# Theatrical versus Rawness



## hagridindminor (Nov 5, 2015)

So I'm working on a big musical project, please lets ignore the details. The thing is I'm an excellent musician but a subpar player. I mean don't get me wrong, I am good but terrible in comparison to professional players. I'm good at creating melodies and writing songs but not that good at sticking to the beat. I have two options either keep it the way it is which is me playing all instruments or the second option which is eventually later on finding professional musicians to translate the music into sheet music and have professional players perform and record em. it basically comes down to a more raw approach, where the song writer is the same person playing and for many parts improvising versus a more professional/theatrical approach which will give a more definite and stable sound.
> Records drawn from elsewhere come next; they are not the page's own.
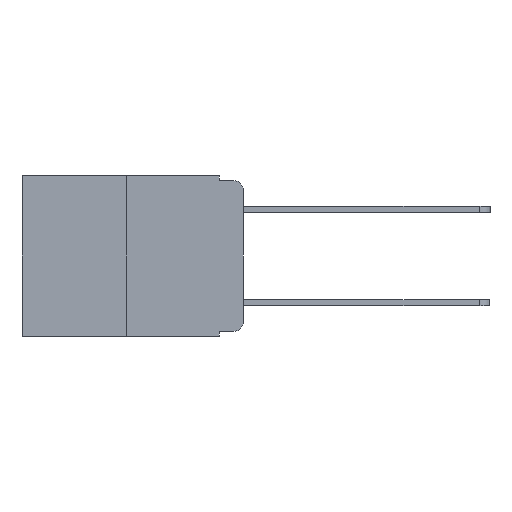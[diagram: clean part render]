
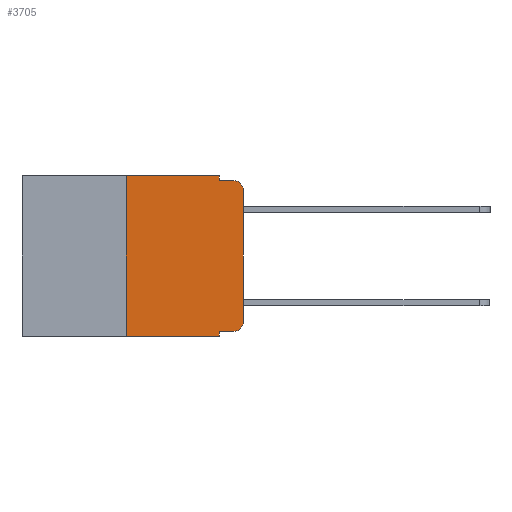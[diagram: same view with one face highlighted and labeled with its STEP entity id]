
A CAD part, left-side view. The second image highlights one B-rep face of the part: STEP entity #3705.
In plain terms, the highlighted planar face has unit normal (-1, 0, 0).
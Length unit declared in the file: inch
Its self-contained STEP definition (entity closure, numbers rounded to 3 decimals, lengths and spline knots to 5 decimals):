
#115 = DIRECTION ( 'NONE',  ( 0., 0., -1. ) ) ;
#124 = EDGE_CURVE ( 'NONE', #6362, #11952, #1915, .T. ) ;
#329 = DIRECTION ( 'NONE',  ( 0., 0., -1. ) ) ;
#531 = ORIENTED_EDGE ( 'NONE', *, *, #14129, .T. ) ;
#586 = CARTESIAN_POINT ( 'NONE',  ( 0., 0.25, -0.343 ) ) ;
#763 = ORIENTED_EDGE ( 'NONE', *, *, #14871, .F. ) ;
#785 = ORIENTED_EDGE ( 'NONE', *, *, #124, .F. ) ;
#868 = EDGE_CURVE ( 'NONE', #14524, #15082, #9923, .T. ) ;
#1090 = EDGE_CURVE ( 'NONE', #14524, #1942, #3526, .T. ) ;
#1223 = ORIENTED_EDGE ( 'NONE', *, *, #2895, .T. ) ;
#1294 = DIRECTION ( 'NONE',  ( 0., -1., 0. ) ) ;
#1351 = VECTOR ( 'NONE', #3807, 39.37008 ) ;
#1685 = DIRECTION ( 'NONE',  ( 0., 0., 1. ) ) ;
#1759 = ORIENTED_EDGE ( 'NONE', *, *, #13413, .T. ) ;
#1883 = CARTESIAN_POINT ( 'NONE',  ( 0., 0.051, 0. ) ) ;
#1915 = LINE ( 'NONE', #9579, #14061 ) ;
#1942 = VERTEX_POINT ( 'NONE', #13711 ) ;
#1986 = DIRECTION ( 'NONE',  ( 0., 0., -1. ) ) ;
#2020 = CARTESIAN_POINT ( 'NONE',  ( 0., 0.02, -0.313 ) ) ;
#2054 = EDGE_CURVE ( 'NONE', #12287, #15082, #12984, .T. ) ;
#2080 = CARTESIAN_POINT ( 'NONE',  ( 0., 0.051, -0.333 ) ) ;
#2609 = CARTESIAN_POINT ( 'NONE',  ( 0., 0.473, -0.343 ) ) ;
#2680 = VECTOR ( 'NONE', #8881, 39.37008 ) ;
#2707 = CARTESIAN_POINT ( 'NONE',  ( 0., 0.02, -0.03 ) ) ;
#2834 = CIRCLE ( 'NONE', #8735, 0.02 ) ;
#2895 = EDGE_CURVE ( 'NONE', #12287, #6593, #11436, .T. ) ;
#3144 = VECTOR ( 'NONE', #5288, 39.37008 ) ;
#3299 = DIRECTION ( 'NONE',  ( 0., 0., -1. ) ) ;
#3526 = LINE ( 'NONE', #4056, #15412 ) ;
#3614 = CARTESIAN_POINT ( 'NONE',  ( 0., 0.02, -0.333 ) ) ;
#3705 = ADVANCED_FACE ( 'NONE', ( #13661 ), #13566, .F. ) ;
#3807 = DIRECTION ( 'NONE',  ( 0., -1., 0. ) ) ;
#4014 = DIRECTION ( 'NONE',  ( 0., 0., -1. ) ) ;
#4056 = CARTESIAN_POINT ( 'NONE',  ( 0., 0.25, 0. ) ) ;
#4590 = CARTESIAN_POINT ( 'NONE',  ( 0., 0.051, 0. ) ) ;
#4902 = LINE ( 'NONE', #13055, #1351 ) ;
#5288 = DIRECTION ( 'NONE',  ( 0., -1., 0. ) ) ;
#5494 = VECTOR ( 'NONE', #1294, 39.37008 ) ;
#5897 = LINE ( 'NONE', #8769, #5494 ) ;
#5970 = AXIS2_PLACEMENT_3D ( 'NONE', #2707, #11037, #4014 ) ;
#6274 = VERTEX_POINT ( 'NONE', #7895 ) ;
#6362 = VERTEX_POINT ( 'NONE', #1883 ) ;
#6593 = VERTEX_POINT ( 'NONE', #3614 ) ;
#6866 = CARTESIAN_POINT ( 'NONE',  ( 0., 0.473, 0. ) ) ;
#7071 = CARTESIAN_POINT ( 'NONE',  ( 0., 0.051, -0.333 ) ) ;
#7285 = CARTESIAN_POINT ( 'NONE',  ( 0., 0.02, -0.01 ) ) ;
#7782 = ORIENTED_EDGE ( 'NONE', *, *, #868, .T. ) ;
#7806 = CARTESIAN_POINT ( 'NONE',  ( 0., 0.051, -0.01 ) ) ;
#7895 = CARTESIAN_POINT ( 'NONE',  ( 0., 0., -0.313 ) ) ;
#8010 = DIRECTION ( 'NONE',  ( 1., 0., 0. ) ) ;
#8550 = EDGE_LOOP ( 'NONE', ( #1759, #531, #763, #785, #9591, #9773, #7782, #13014, #1223, #10757 ) ) ;
#8564 = VERTEX_POINT ( 'NONE', #9077 ) ;
#8735 = AXIS2_PLACEMENT_3D ( 'NONE', #2020, #10465, #3299 ) ;
#8769 = CARTESIAN_POINT ( 'NONE',  ( 0., 0.473, 0. ) ) ;
#8881 = DIRECTION ( 'NONE',  ( 0., -1., 0. ) ) ;
#8891 = DIRECTION ( 'NONE',  ( 0., 0., 1. ) ) ;
#9077 = CARTESIAN_POINT ( 'NONE',  ( 0., 0., -0.03 ) ) ;
#9579 = CARTESIAN_POINT ( 'NONE',  ( 0., 0.051, 0. ) ) ;
#9591 = ORIENTED_EDGE ( 'NONE', *, *, #10877, .F. ) ;
#9773 = ORIENTED_EDGE ( 'NONE', *, *, #1090, .F. ) ;
#9851 = LINE ( 'NONE', #10196, #12804 ) ;
#9923 = LINE ( 'NONE', #2609, #3144 ) ;
#10196 = CARTESIAN_POINT ( 'NONE',  ( 0., 0., 0. ) ) ;
#10465 = DIRECTION ( 'NONE',  ( -1., 0., 0. ) ) ;
#10757 = ORIENTED_EDGE ( 'NONE', *, *, #14515, .T. ) ;
#10877 = EDGE_CURVE ( 'NONE', #1942, #6362, #5897, .T. ) ;
#11037 = DIRECTION ( 'NONE',  ( -1., 0., 0. ) ) ;
#11436 = LINE ( 'NONE', #2080, #2680 ) ;
#11498 = VERTEX_POINT ( 'NONE', #7285 ) ;
#11952 = VERTEX_POINT ( 'NONE', #7806 ) ;
#12287 = VERTEX_POINT ( 'NONE', #7071 ) ;
#12430 = CIRCLE ( 'NONE', #5970, 0.02 ) ;
#12646 = VECTOR ( 'NONE', #1986, 39.37008 ) ;
#12804 = VECTOR ( 'NONE', #1685, 39.37008 ) ;
#12984 = LINE ( 'NONE', #4590, #12646 ) ;
#13014 = ORIENTED_EDGE ( 'NONE', *, *, #2054, .F. ) ;
#13055 = CARTESIAN_POINT ( 'NONE',  ( 0., 0.051, -0.01 ) ) ;
#13413 = EDGE_CURVE ( 'NONE', #6274, #8564, #9851, .T. ) ;
#13566 = PLANE ( 'NONE',  #13887 ) ;
#13661 = FACE_OUTER_BOUND ( 'NONE', #8550, .T. ) ;
#13711 = CARTESIAN_POINT ( 'NONE',  ( 0., 0.25, 0. ) ) ;
#13887 = AXIS2_PLACEMENT_3D ( 'NONE', #6866, #8010, #329 ) ;
#14061 = VECTOR ( 'NONE', #115, 39.37008 ) ;
#14129 = EDGE_CURVE ( 'NONE', #8564, #11498, #12430, .T. ) ;
#14446 = CARTESIAN_POINT ( 'NONE',  ( 0., 0.051, -0.343 ) ) ;
#14515 = EDGE_CURVE ( 'NONE', #6593, #6274, #2834, .T. ) ;
#14524 = VERTEX_POINT ( 'NONE', #586 ) ;
#14871 = EDGE_CURVE ( 'NONE', #11952, #11498, #4902, .T. ) ;
#15082 = VERTEX_POINT ( 'NONE', #14446 ) ;
#15412 = VECTOR ( 'NONE', #8891, 39.37008 ) ;

My own playing really is holding me back from my musicianship but at the same time it may also feel more personal and direct. I want to ask you guys what your preference is.


----------



## MarkW (Feb 16, 2015)

I guess the main question is is your loose playing distinctive enough that people won't mind listening to it repeatedly, or if you want your songs to be heard more than once, do you need performances that are more professional? I can't answer that.


----------



## LHB (Nov 1, 2015)

It's a matter of what you think will realize your ideas better. To me though, it sounds like the better option would be getting professional musicians to record your pieces, since although you know in your mind what you want from your music, your limited abilities might not be able to realize what you want effectively.


----------